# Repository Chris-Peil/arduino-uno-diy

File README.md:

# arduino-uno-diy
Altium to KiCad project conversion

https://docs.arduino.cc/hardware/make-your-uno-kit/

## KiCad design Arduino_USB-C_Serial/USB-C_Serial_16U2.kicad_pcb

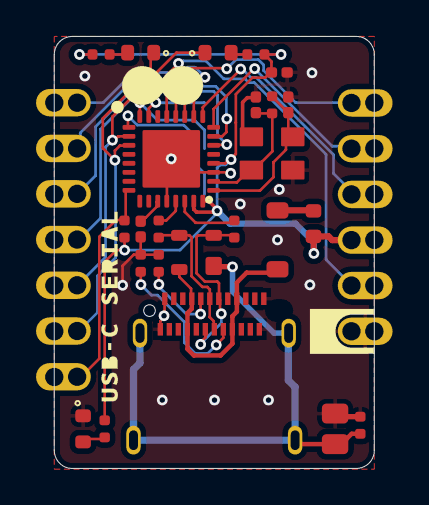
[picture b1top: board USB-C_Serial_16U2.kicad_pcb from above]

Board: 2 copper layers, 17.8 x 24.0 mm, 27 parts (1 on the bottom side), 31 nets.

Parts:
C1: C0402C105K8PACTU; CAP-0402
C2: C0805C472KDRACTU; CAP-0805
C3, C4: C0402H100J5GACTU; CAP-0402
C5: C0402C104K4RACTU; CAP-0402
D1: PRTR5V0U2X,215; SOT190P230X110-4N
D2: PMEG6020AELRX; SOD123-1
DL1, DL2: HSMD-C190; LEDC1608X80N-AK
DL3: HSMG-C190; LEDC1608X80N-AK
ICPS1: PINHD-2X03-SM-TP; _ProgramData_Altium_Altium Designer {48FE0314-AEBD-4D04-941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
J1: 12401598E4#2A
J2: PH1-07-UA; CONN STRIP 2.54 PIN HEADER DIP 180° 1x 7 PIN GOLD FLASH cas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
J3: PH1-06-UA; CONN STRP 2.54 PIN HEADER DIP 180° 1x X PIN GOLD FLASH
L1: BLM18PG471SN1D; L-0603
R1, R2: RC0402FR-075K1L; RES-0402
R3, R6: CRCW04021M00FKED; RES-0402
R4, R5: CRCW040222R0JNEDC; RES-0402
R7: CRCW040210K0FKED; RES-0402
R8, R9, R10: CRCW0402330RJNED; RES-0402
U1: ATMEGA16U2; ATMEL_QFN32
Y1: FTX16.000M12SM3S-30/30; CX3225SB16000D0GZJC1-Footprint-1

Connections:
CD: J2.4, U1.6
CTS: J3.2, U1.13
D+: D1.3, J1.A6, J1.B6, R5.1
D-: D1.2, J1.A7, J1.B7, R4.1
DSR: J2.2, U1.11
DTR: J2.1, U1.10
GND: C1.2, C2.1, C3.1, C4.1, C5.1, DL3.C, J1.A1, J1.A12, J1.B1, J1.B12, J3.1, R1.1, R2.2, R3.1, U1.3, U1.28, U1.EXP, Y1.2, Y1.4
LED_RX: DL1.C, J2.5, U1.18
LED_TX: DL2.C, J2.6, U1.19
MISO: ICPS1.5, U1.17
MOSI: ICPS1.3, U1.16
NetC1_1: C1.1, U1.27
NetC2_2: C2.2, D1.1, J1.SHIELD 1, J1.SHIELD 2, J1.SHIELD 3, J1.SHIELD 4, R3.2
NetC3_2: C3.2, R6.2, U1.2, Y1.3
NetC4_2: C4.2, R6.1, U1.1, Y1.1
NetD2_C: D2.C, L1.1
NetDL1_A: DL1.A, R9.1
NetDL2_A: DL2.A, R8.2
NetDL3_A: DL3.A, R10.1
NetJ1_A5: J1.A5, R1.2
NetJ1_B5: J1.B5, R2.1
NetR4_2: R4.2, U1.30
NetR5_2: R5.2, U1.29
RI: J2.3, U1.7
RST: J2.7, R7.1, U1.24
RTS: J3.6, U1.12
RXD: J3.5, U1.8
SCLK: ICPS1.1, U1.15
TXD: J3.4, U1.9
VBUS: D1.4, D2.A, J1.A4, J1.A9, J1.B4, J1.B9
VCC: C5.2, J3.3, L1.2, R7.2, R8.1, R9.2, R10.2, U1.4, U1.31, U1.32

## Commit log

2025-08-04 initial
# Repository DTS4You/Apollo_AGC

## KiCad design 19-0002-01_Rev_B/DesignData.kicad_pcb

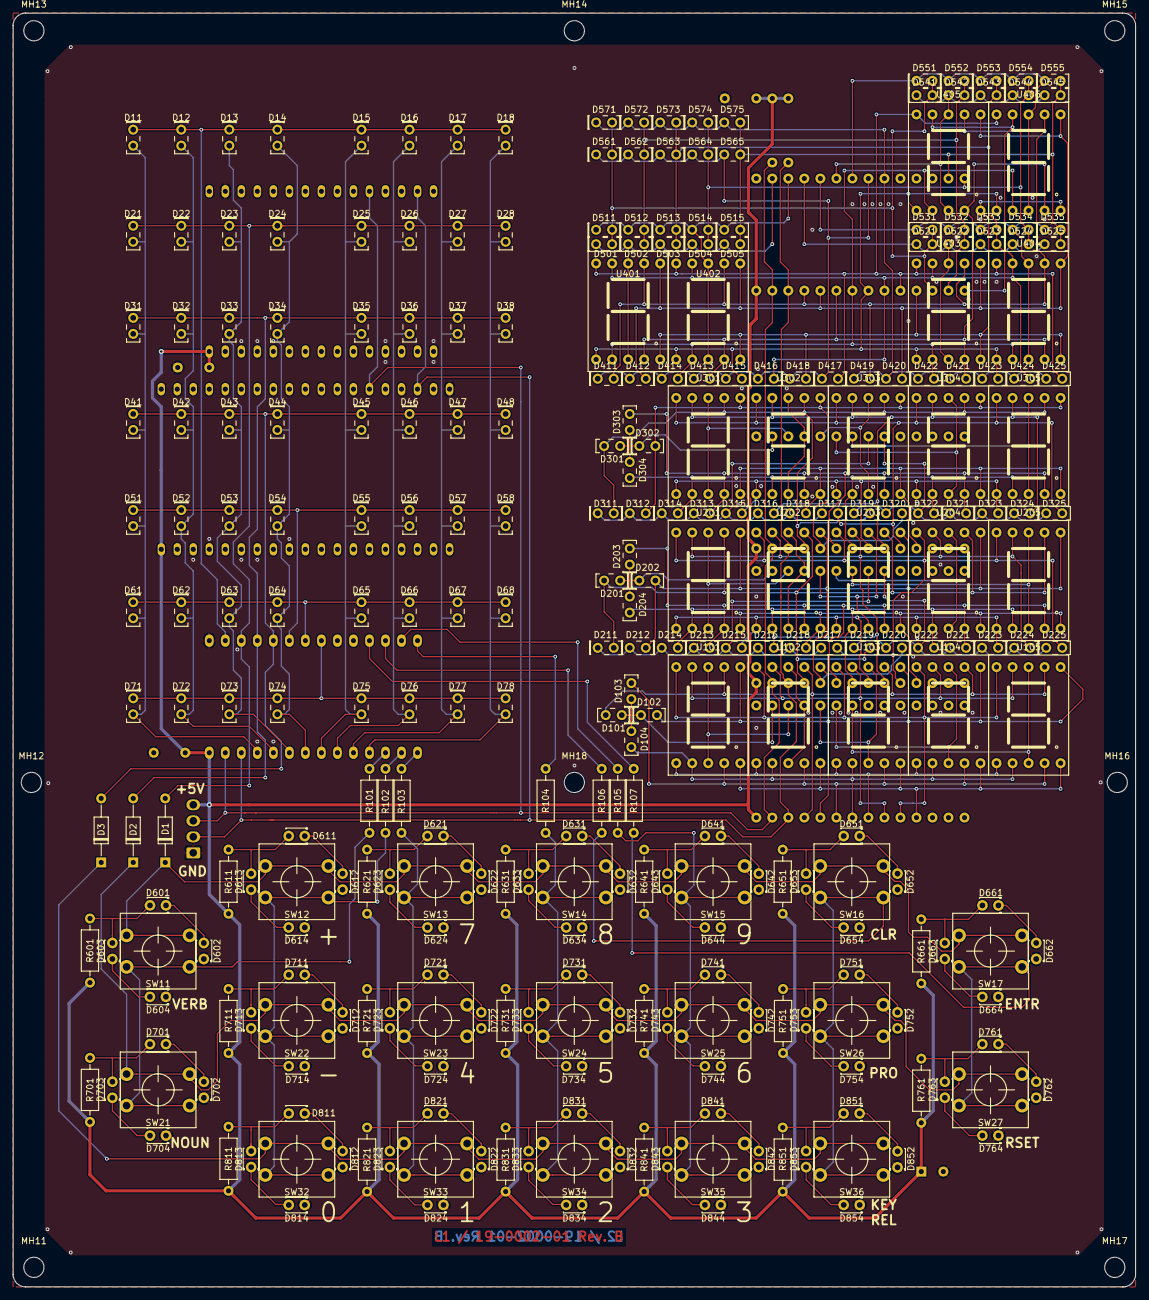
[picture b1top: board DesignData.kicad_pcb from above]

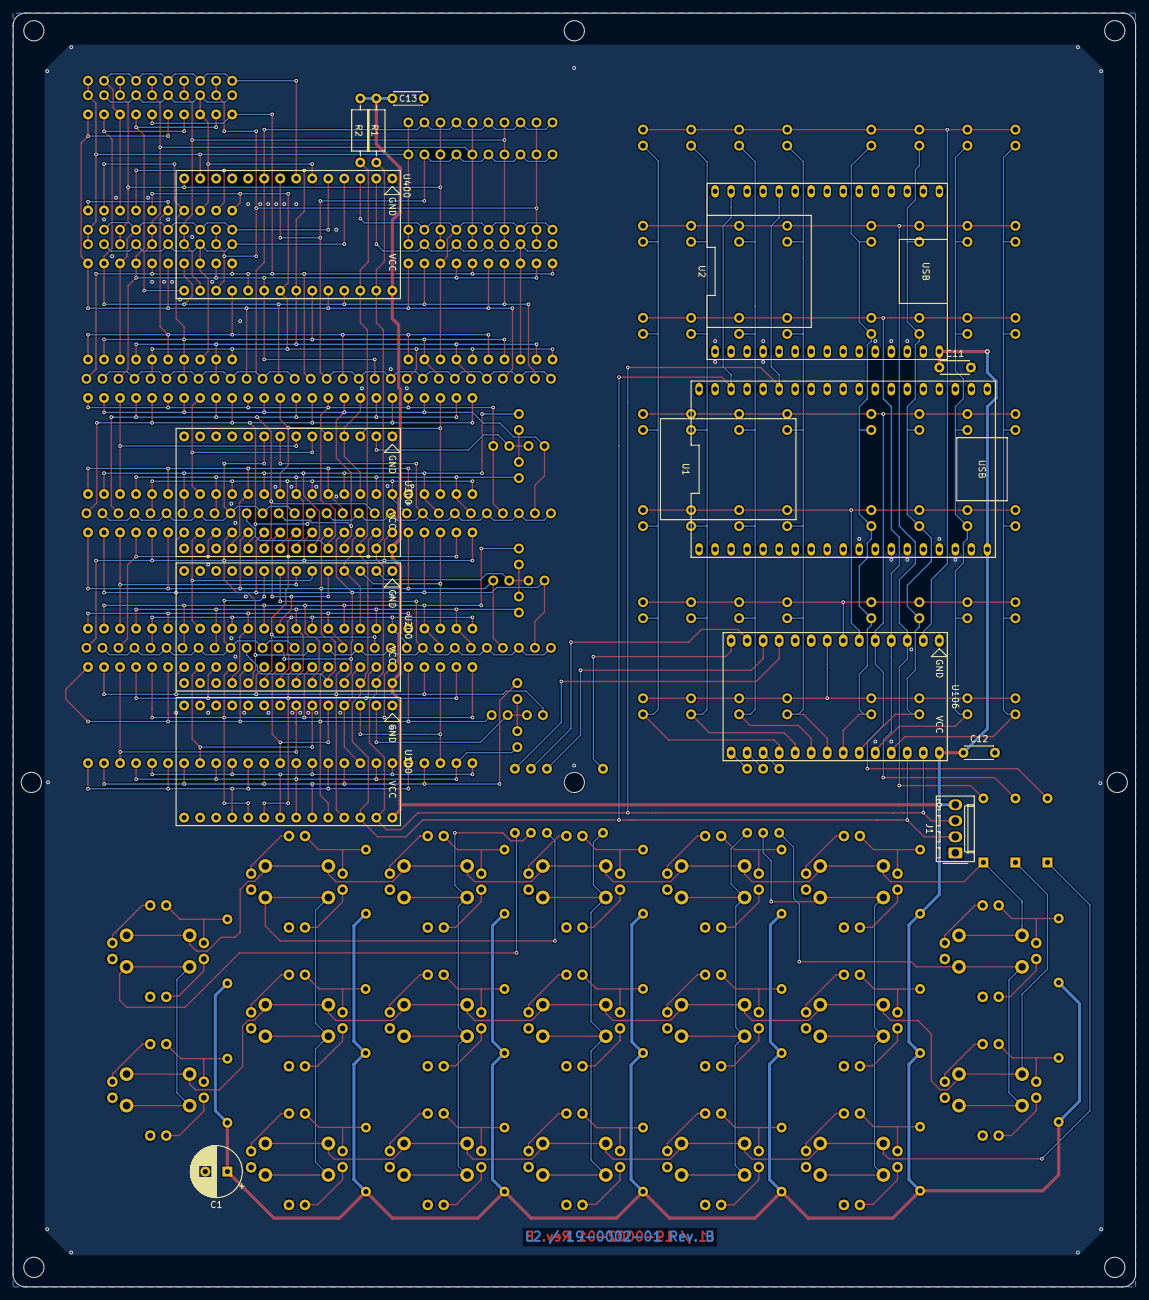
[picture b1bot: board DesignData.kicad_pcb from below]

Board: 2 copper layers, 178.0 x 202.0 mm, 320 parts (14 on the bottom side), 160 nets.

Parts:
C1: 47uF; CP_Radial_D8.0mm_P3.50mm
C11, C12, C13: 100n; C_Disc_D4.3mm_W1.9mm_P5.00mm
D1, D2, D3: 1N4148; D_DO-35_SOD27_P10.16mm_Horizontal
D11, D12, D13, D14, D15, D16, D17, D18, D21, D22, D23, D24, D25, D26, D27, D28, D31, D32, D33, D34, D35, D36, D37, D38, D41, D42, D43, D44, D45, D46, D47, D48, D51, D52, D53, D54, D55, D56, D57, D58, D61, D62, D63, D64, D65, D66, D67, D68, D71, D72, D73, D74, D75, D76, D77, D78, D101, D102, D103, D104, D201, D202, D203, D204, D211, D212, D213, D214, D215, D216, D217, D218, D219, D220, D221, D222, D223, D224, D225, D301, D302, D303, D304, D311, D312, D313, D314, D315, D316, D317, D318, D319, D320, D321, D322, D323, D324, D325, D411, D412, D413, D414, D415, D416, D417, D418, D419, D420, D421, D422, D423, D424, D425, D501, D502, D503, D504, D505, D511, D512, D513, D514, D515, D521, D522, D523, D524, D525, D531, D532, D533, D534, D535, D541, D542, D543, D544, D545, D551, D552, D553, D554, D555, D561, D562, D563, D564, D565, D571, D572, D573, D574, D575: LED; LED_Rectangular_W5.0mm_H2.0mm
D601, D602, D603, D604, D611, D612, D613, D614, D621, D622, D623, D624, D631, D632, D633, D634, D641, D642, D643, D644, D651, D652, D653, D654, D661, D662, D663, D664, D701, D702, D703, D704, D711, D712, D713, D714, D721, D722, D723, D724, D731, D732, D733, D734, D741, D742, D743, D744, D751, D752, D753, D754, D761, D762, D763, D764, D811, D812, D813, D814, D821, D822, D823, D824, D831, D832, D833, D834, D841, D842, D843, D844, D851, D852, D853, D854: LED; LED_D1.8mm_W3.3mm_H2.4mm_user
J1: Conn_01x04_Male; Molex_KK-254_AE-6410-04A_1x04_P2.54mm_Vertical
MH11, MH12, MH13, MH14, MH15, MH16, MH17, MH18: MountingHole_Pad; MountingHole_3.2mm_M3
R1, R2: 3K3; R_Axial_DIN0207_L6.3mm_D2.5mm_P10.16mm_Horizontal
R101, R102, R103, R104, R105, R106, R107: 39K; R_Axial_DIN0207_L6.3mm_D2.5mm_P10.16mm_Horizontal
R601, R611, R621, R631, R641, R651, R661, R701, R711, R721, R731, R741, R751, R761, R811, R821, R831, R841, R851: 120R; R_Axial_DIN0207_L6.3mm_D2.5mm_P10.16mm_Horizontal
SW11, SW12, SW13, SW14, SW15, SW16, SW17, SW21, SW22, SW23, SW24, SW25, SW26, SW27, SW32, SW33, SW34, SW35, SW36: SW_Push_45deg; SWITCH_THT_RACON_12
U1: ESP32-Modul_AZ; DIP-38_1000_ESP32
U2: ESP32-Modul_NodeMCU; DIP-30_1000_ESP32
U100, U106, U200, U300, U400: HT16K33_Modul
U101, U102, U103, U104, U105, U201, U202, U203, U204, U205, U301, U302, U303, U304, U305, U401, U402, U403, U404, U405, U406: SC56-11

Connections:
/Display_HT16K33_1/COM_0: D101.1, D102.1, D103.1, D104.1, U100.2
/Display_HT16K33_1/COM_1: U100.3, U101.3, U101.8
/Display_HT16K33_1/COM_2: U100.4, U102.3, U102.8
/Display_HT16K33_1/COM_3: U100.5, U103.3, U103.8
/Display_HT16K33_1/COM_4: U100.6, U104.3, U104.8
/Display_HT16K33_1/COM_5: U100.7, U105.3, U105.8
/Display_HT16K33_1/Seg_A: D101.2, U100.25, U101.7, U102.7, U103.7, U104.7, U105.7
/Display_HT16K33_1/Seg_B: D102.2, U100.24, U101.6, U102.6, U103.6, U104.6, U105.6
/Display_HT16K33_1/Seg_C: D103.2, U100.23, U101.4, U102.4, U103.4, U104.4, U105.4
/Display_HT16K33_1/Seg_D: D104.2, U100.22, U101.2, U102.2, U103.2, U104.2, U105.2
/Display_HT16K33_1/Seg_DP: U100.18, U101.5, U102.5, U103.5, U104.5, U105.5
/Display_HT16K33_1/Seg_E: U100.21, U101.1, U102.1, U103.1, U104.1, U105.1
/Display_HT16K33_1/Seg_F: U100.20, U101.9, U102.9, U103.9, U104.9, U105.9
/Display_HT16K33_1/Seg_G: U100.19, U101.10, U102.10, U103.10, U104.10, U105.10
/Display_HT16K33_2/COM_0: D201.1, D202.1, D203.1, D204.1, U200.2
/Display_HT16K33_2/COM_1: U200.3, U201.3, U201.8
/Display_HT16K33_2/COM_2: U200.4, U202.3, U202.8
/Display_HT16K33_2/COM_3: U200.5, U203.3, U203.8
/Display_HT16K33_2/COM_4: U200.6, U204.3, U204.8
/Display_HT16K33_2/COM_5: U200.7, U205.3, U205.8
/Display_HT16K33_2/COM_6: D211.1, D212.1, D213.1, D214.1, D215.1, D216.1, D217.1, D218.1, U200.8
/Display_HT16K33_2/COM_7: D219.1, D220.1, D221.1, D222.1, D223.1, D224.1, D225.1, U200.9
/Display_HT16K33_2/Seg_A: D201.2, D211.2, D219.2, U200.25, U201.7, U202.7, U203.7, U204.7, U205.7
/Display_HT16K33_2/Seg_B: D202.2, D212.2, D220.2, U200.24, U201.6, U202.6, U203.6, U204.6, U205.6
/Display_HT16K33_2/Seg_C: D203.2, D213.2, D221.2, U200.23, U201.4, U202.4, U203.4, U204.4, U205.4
********************
> **TASK INSTRUCTIONS**
Go back to the listing above. Copy word for word the lines from the one with "C1: C0402C105K8PACTU; CAP-0402" through the one with "J2: PH1-07-UA; CONN", and nothing more.

> **EXERCISE SOLUTION**
C1: C0402C105K8PACTU; CAP-0402
C2: C0805C472KDRACTU; CAP-0805
C3, C4: C0402H100J5GACTU; CAP-0402
C5: C0402C104K4RACTU; CAP-0402
D1: PRTR5V0U2X,215; SOT190P230X110-4N
D2: PMEG6020AELRX; SOD123-1
DL1, DL2: HSMD-C190; LEDC1608X80N-AK
DL3: HSMG-C190; LEDC1608X80N-AK
ICPS1: PINHD-2X03-SM-TP; _ProgramData_Altium_Altium Designer {48FE0314-AEBD-4D04-941
J1: 12401598E4#2A
J2: PH1-07-UA; CONN STRIP 2.54 PIN HEADER DIP 180° 1x 7 PIN GOLD FLASH cas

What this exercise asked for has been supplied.